Tuesday, 25 February 2014

No, you can't be served with any more pleadings, judge tells defendants

Last Friday Mr Justice Mann, sitting in the Patents Court, England and Wales, gave a ruling in a hearing relating to the service of further pleadings in a patent infringement action. The case, Electromagnetic Geoservices ASA v Petroleum Geo-Services ASA & others, is not reported on BAILII but a note has been published on the subscription-based Lawtel service.

The patent in this action, which related to electromagnetic surveying for oil, had already been the subject of a previous challenge to its validity. Electromagnetic Geoservices ASA (EGA) claimed that the defendants had infringed the patent. The first two defendants had not served their defences and sought an extension of time. The third defendant had to be served out of the jurisdiction and that had not yet been achieved. According to the defendants, one of the reasons why the defences had not been filed was the uncertain nature of the case on infringement. Accordingly the defendants sought documentation in relation to the previous proceedings, as well as further particulars of the mode of operation which was alleged to infringe. Correspondence between the parties culminated in two letters from EGA's solicitors which gave particulars as to the manner in which the defendants' operations were alleged to infringe the patent, with the caveat that the position might be reconsidered following disclosure and in the light of any further information arising.

In these proceedings the defendants argued that EGA' case on infringement should be embodied in a pleading in order to achieve clarity and so that the defendants (i) could see whether there was a reasonably arguable case, (ii) could assess the shape of the action and formulate their own case, and (iii) could prepare their product and process description (PPD).
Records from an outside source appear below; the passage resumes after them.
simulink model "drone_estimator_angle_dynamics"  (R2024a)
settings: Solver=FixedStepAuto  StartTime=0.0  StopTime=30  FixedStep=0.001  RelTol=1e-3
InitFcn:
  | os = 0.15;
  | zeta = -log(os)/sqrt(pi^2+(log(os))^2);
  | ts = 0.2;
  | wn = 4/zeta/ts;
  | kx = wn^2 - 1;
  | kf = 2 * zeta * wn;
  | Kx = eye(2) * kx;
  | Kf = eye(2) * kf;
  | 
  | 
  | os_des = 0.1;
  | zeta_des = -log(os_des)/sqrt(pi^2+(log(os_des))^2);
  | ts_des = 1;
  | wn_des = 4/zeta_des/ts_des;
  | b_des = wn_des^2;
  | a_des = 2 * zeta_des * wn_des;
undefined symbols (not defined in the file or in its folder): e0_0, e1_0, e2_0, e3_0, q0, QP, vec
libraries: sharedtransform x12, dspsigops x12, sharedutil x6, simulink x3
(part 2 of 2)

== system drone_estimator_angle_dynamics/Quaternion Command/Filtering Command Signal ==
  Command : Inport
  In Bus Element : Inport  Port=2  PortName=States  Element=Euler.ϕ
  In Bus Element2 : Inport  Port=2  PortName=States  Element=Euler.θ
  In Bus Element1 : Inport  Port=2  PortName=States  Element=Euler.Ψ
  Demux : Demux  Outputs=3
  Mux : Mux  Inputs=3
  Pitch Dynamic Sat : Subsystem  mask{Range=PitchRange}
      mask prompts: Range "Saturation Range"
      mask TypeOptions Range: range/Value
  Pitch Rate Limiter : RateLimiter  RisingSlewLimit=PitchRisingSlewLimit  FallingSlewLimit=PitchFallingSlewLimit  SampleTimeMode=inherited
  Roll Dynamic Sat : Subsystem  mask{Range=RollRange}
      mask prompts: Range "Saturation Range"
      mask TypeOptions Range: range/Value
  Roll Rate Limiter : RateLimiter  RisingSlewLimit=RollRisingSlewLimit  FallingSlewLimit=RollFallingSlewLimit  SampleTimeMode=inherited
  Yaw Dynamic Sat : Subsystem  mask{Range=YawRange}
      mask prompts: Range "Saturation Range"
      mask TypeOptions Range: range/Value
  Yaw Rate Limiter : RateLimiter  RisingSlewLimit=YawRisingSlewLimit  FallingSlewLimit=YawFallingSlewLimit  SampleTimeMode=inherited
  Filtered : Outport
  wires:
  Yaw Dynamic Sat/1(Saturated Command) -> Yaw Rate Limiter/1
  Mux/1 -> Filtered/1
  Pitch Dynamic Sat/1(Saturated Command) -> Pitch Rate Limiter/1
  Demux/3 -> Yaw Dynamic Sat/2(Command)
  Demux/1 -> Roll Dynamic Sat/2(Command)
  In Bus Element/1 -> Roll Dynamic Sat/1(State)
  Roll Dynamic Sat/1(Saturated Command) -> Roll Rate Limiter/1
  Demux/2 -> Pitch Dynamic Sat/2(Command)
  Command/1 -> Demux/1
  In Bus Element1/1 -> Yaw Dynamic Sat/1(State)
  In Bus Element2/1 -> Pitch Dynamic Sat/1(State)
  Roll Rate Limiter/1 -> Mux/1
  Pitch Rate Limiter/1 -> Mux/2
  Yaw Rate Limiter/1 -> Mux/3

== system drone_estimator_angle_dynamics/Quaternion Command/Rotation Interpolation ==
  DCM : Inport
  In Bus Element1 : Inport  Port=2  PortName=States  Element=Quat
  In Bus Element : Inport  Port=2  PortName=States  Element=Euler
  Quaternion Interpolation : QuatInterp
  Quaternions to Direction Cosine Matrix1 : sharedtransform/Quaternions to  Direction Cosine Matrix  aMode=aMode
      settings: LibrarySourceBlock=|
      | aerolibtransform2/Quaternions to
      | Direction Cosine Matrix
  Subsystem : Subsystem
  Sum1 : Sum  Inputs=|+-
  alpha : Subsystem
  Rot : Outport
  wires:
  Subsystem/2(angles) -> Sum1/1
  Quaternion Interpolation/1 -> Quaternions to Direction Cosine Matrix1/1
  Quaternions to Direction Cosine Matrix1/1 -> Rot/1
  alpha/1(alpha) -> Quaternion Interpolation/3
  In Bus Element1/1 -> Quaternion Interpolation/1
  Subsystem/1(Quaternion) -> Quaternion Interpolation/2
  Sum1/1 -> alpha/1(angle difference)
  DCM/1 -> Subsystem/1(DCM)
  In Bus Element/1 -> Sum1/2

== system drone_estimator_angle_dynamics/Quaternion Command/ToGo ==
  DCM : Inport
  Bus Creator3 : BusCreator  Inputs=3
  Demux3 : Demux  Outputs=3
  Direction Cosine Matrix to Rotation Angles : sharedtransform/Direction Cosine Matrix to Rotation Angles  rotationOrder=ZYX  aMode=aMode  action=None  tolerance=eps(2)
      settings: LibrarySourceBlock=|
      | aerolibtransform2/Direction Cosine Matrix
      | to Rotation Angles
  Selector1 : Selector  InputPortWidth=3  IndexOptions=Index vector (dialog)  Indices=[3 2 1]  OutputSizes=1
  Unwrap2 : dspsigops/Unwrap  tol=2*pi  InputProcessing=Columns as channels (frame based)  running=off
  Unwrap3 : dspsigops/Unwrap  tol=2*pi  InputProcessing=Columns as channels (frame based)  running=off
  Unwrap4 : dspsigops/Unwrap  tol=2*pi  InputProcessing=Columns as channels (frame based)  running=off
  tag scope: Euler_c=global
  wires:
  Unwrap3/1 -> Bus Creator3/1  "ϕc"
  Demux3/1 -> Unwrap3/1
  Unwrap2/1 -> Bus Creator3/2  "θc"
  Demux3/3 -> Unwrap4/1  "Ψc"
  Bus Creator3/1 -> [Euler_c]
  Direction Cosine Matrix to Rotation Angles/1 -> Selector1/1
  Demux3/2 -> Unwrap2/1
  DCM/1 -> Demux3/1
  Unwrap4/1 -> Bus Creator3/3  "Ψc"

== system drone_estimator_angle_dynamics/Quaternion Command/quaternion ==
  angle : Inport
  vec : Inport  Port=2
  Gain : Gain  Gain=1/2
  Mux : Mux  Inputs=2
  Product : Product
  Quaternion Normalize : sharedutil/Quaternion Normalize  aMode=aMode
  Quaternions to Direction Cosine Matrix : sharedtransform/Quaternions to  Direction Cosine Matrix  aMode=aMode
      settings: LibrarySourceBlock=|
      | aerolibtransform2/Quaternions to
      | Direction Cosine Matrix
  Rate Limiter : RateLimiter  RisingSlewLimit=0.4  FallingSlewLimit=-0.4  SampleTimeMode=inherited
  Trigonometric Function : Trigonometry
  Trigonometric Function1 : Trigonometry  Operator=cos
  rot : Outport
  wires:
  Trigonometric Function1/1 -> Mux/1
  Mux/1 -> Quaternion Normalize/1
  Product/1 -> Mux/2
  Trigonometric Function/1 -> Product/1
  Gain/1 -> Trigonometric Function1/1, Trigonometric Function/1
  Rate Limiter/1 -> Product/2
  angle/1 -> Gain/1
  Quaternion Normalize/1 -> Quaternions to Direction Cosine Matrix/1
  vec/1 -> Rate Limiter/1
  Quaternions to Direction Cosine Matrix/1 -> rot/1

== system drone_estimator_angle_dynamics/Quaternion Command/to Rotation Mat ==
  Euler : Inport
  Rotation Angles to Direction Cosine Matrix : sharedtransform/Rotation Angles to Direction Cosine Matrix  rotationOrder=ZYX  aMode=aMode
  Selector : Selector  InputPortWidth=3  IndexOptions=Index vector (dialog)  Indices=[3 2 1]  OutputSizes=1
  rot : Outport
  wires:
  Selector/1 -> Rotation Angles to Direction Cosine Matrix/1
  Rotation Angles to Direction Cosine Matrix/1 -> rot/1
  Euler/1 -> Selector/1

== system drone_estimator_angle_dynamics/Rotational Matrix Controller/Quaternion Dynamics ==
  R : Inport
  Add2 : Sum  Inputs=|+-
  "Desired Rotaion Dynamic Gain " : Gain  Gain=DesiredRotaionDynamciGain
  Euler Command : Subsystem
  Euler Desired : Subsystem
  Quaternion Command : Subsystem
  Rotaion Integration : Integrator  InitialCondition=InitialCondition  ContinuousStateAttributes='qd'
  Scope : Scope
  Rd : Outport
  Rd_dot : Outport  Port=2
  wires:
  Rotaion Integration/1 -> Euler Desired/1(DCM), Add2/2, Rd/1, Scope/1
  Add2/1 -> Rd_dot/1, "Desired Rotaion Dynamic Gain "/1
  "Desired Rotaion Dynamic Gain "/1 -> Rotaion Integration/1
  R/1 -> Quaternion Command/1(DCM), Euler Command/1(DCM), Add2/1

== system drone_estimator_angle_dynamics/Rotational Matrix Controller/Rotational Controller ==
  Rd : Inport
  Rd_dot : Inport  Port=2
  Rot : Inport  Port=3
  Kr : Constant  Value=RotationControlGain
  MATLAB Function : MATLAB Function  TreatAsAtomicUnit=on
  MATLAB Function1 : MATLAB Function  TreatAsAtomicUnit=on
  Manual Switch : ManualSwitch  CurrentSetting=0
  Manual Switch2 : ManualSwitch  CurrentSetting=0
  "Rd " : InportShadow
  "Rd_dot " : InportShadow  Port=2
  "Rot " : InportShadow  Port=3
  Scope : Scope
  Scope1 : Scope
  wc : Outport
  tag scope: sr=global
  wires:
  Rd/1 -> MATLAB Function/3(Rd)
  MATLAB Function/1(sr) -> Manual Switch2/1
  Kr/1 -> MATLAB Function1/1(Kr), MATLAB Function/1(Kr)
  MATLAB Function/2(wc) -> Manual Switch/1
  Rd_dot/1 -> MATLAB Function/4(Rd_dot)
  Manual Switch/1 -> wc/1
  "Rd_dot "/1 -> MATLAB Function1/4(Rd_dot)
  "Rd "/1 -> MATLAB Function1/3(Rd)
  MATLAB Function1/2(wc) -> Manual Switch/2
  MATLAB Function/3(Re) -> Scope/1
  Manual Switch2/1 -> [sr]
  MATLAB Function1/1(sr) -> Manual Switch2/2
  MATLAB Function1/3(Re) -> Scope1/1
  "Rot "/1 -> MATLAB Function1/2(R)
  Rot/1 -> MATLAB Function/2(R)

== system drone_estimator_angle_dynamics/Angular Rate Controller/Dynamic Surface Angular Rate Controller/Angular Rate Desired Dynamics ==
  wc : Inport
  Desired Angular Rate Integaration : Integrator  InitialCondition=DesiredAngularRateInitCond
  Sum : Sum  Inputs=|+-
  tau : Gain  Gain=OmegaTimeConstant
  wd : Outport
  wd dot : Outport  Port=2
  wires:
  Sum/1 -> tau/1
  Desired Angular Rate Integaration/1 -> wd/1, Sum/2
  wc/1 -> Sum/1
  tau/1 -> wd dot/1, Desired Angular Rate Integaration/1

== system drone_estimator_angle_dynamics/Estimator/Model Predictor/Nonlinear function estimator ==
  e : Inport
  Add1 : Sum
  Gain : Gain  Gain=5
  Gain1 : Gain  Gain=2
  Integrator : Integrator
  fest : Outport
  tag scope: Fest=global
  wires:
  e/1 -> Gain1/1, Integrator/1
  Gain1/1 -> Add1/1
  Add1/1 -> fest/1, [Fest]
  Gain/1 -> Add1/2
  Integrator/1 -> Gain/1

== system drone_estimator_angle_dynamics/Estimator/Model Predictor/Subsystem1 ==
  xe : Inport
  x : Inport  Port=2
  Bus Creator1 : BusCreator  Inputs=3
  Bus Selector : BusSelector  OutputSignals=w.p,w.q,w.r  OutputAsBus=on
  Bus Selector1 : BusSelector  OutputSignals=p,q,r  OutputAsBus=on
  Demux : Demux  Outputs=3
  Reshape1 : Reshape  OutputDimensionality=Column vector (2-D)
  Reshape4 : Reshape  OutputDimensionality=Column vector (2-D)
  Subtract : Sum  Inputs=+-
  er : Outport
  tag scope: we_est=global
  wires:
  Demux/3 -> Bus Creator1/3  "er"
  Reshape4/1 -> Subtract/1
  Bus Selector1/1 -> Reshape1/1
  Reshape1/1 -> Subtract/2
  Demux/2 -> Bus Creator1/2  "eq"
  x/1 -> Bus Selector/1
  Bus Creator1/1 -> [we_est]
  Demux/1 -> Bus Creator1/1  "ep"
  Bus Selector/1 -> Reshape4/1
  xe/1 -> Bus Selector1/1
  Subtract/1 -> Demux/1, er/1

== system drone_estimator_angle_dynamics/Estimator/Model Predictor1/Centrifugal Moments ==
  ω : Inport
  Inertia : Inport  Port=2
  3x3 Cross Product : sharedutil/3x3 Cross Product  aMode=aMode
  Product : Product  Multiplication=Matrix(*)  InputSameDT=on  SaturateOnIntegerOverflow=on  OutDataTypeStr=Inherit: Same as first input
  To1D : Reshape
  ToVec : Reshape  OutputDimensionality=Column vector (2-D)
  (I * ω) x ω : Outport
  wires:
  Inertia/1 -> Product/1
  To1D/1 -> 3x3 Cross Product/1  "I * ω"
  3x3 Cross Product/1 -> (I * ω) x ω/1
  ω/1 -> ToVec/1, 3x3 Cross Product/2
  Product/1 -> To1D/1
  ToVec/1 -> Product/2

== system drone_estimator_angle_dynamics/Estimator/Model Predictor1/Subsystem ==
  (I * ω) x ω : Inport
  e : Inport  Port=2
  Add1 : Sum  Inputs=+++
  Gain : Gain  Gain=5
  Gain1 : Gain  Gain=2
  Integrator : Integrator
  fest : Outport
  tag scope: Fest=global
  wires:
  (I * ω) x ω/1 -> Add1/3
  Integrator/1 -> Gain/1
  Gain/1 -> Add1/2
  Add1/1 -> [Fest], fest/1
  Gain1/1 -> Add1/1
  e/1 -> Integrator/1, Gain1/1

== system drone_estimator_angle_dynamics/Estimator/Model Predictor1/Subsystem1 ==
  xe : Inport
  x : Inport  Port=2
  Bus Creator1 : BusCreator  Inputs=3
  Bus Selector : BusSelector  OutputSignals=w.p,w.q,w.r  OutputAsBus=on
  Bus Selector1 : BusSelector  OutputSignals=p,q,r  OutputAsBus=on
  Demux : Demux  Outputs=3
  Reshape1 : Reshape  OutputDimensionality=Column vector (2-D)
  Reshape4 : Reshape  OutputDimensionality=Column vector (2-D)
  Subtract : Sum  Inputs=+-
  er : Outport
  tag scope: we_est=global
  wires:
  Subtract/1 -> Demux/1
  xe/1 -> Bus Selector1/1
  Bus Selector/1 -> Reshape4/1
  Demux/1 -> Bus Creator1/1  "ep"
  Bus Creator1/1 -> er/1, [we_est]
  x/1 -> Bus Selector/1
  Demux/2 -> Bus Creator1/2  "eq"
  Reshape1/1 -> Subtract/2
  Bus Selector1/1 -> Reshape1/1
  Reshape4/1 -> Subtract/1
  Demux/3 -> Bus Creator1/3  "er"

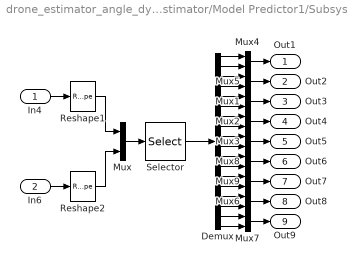
== system drone_estimator_angle_dynamics/Estimator/Model Predictor1/Subsystem2 ==
  In4 : Inport
  In6 : Inport  Port=2
  Demux : Demux  Outputs=18
  Mux{,1..9} (10 alike) : Mux  Inputs=2
  Reshape1 : Reshape
  Reshape2 : Reshape
  Selector : Selector  InputPortWidth=18  IndexOptions=Index vector (dialog)  Indices=[1 10 2 11 3 12 4 13 5 14 6 15 7 16 8 17 9 18]  OutputSizes=1
  Out1 : Outport
  Out2 : Outport  Port=2
  Out3 : Outport  Port=3
  Out4 : Outport  Port=4
  Out5 : Outport  Port=5
  Out6 : Outport  Port=6
  Out7 : Outport  Port=7
  Out8 : Outport  Port=8
  Out9 : Outport  Port=9
  wires:
  Demux/12 -> Mux8/2
  Demux/13 -> Mux9/1
  Demux/14 -> Mux9/2
  Demux/15 -> Mux6/1
  Demux/16 -> Mux6/2
  Demux/17 -> Mux7/1
  Demux/18 -> Mux7/2
  Demux/11 -> Mux8/1
  Demux/10 -> Mux3/2
  Demux/9 -> Mux3/1
  Demux/8 -> Mux2/2
  Demux/7 -> Mux2/1
  Demux/6 -> Mux1/2
  Demux/5 -> Mux1/1
  Demux/4 -> Mux5/2
  Demux/3 -> Mux5/1
  Demux/2 -> Mux4/2
  Demux/1 -> Mux4/1
  Selector/1 -> Demux/1
  Mux/1 -> Selector/1
  Mux8/1 -> Out6/1
  Mux9/1 -> Out7/1
  Mux7/1 -> Out9/1
  Mux6/1 -> Out8/1
  Mux3/1 -> Out5/1
  Mux1/1 -> Out3/1
  Mux2/1 -> Out4/1
  Mux5/1 -> Out2/1
  In6/1 -> Reshape2/1
  Reshape2/1 -> Mux/2
  In4/1 -> Reshape1/1
  Reshape1/1 -> Mux/1
  Mux4/1 -> Out1/1

== system drone_estimator_angle_dynamics/Estimator/Model Predictor1/Subsystem3 ==
  In1 : Inport
  In2 : Inport  Port=2
  Demux : Demux  Outputs=3
  Demux1 : Demux  Outputs=3
  Mux10 : Mux  Inputs=2
  Mux11 : Mux  Inputs=2
  Mux9 : Mux  Inputs=2
  Out1 : Outport
  Out2 : Outport  Port=2
  Out3 : Outport  Port=3
  wires:
  Demux/3 -> Mux11/1
  Mux9/1 -> Out1/1
  Demux1/1 -> Mux9/2
  Demux/2 -> Mux10/1
  Demux/1 -> Mux9/1
  Demux1/3 -> Mux11/2
  Demux1/2 -> Mux10/2
  Mux11/1 -> Out3/1
  Mux10/1 -> Out2/1
  In1/1 -> Demux/1
  In2/1 -> Demux1/1

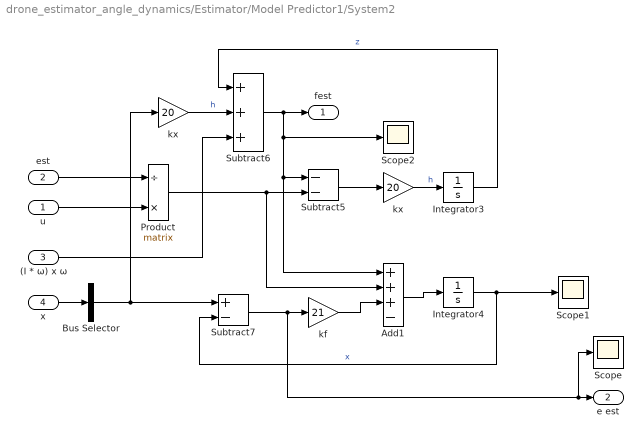
== system drone_estimator_angle_dynamics/Estimator/Model Predictor1/System2 ==
  u : Inport
  est : Inport  Port=2
  (I * ω) x ω : Inport  Port=3
  x : Inport  Port=4
  Add1 : Sum  Inputs=+++-
  Bus Selector : BusSelector  OutputSignals=w.p,w.q,w.r  OutputAsBus=on
  Integrator3 : Integrator  InitialCondition=zeros(3,1)
  Integrator4 : Integrator  InitialCondition=zeros(3,1)
  Product : Product  Inputs=/*  Multiplication=Matrix(*)
  Scope : Scope
  Scope1 : Scope
  Scope2 : Scope
  Subtract5 : Sum  Inputs=--
  Subtract6 : Sum  Inputs=+++
  Subtract7 : Sum  Inputs=+-
  kf : Gain  Gain=21
  kx : Gain  Gain=20
  "kx " : Gain  Gain=20
  fest : Outport
  e est : Outport  Port=2
  wires:
  (I * ω) x ω/1 -> Subtract6/3
  Bus Selector/1 -> kx/1, Subtract7/1
  u/1 -> Product/2
  est/1 -> Product/1
  Subtract7/1 -> kf/1, Scope/1, e est/1
  x/1 -> Bus Selector/1
  kf/1 -> Add1/3
  Integrator4/1 -> Subtract7/2, Scope1/1  "x"
  Add1/1 -> Integrator4/1
  Product/1 -> Subtract5/2, Add1/2
  Subtract6/1 -> fest/1, Subtract5/1, Add1/1, Scope2/1
  "kx "/1 -> Integrator3/1  "h"
  Subtract5/1 -> "kx "/1
  Integrator3/1 -> Subtract6/1  "z"
  kx/1 -> Subtract6/2  "h"

== system drone_estimator_angle_dynamics/Estimator1/Model Predictor/Nonlinear function estimator ==
  e : Inport
  Add1 : Sum
  Gain : Gain  Gain=5
  Gain1 : Gain  Gain=2
  Integrator : Integrator
  fest : Outport
  tag scope: Fest=global
  wires:
  Integrator/1 -> Gain/1
  Gain/1 -> Add1/2
  Add1/1 -> [Fest], fest/1
  Gain1/1 -> Add1/1
  e/1 -> Integrator/1, Gain1/1

== system drone_estimator_angle_dynamics/Estimator1/Model Predictor/Subsystem1 ==
  xe : Inport
  x : Inport  Port=2
  Bus Creator1 : BusCreator  Inputs=3
  Bus Selector : BusSelector  OutputSignals=w.p,w.q,w.r  OutputAsBus=on
  Bus Selector1 : BusSelector  OutputSignals=p,q,r  OutputAsBus=on
  Demux : Demux  Outputs=3
  Reshape1 : Reshape  OutputDimensionality=Column vector (2-D)
  Reshape4 : Reshape  OutputDimensionality=Column vector (2-D)
  Subtract : Sum  Inputs=+-
  er : Outport
  tag scope: we_est=global
  wires:
  Subtract/1 -> er/1, Demux/1
  xe/1 -> Bus Selector1/1
  Bus Selector/1 -> Reshape4/1
  Demux/1 -> Bus Creator1/1  "ep"
  Bus Creator1/1 -> [we_est]
  x/1 -> Bus Selector/1
  Demux/2 -> Bus Creator1/2  "eq"
  Reshape1/1 -> Subtract/2
  Bus Selector1/1 -> Reshape1/1
  Reshape4/1 -> Subtract/1
  Demux/3 -> Bus Creator1/3  "er"

== system drone_estimator_angle_dynamics/Estimator1/Model Predictor1/Centrifugal Moments ==
  ω : Inport
  Inertia : Inport  Port=2
  3x3 Cross Product : sharedutil/3x3 Cross Product  aMode=aMode
  Product : Product  Multiplication=Matrix(*)  InputSameDT=on  SaturateOnIntegerOverflow=on  OutDataTypeStr=Inherit: Same as first input
  To1D : Reshape
  ToVec : Reshape  OutputDimensionality=Column vector (2-D)
  (I * ω) x ω : Outport
  wires:
  ToVec/1 -> Product/2
  Product/1 -> To1D/1
  ω/1 -> 3x3 Cross Product/2, ToVec/1
  3x3 Cross Product/1 -> (I * ω) x ω/1
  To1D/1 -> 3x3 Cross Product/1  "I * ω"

Mann J refused the application on the basis that, in the circumstances, the letters from EGA's solicitors were likely to be treated in the proceedings as though they were a pleading. In his view:

* since the defendants' operations took place on ships in the middle of the sea, EGA was relying on publicly available materials in order to give the best particulars it could of the allegedly infringing acts.

* what was requested by the defendant was something that was not usually done in patent cases and which appeared to be unnecessary in the circumstances. The letters from EGA's solicitors appeared to be full, frank and comprehensive. While the case set out in them was subject to variation after disclosure, that would be the normal position with a pleading.

* the defendants were sufficiently tied down to their case in the correspondence, and it would be a waste of time and costs to require a pleading -- there being nothing to be gained from the small degree of additional fixing which would result from a pleading.

* if the defendants wanted to apply to strike out the claim, they had the information on which to make a decision.

* if a pleading gave better particulars, the defendants might even be slightly worse off from that point of view and EGA would not be prevented from adducing further information to meet any strike-out application. 

* it was better not to depart from the usual course in patent actions which turned on issues of construction.

At this distance from the case and with no further facts, it's difficult to know whether the defendants were trying a crafty ploy or genuinely seeking clarification of EGA's claims. Either way, the court appears to have taken an approach which is both cautious and pragmatic.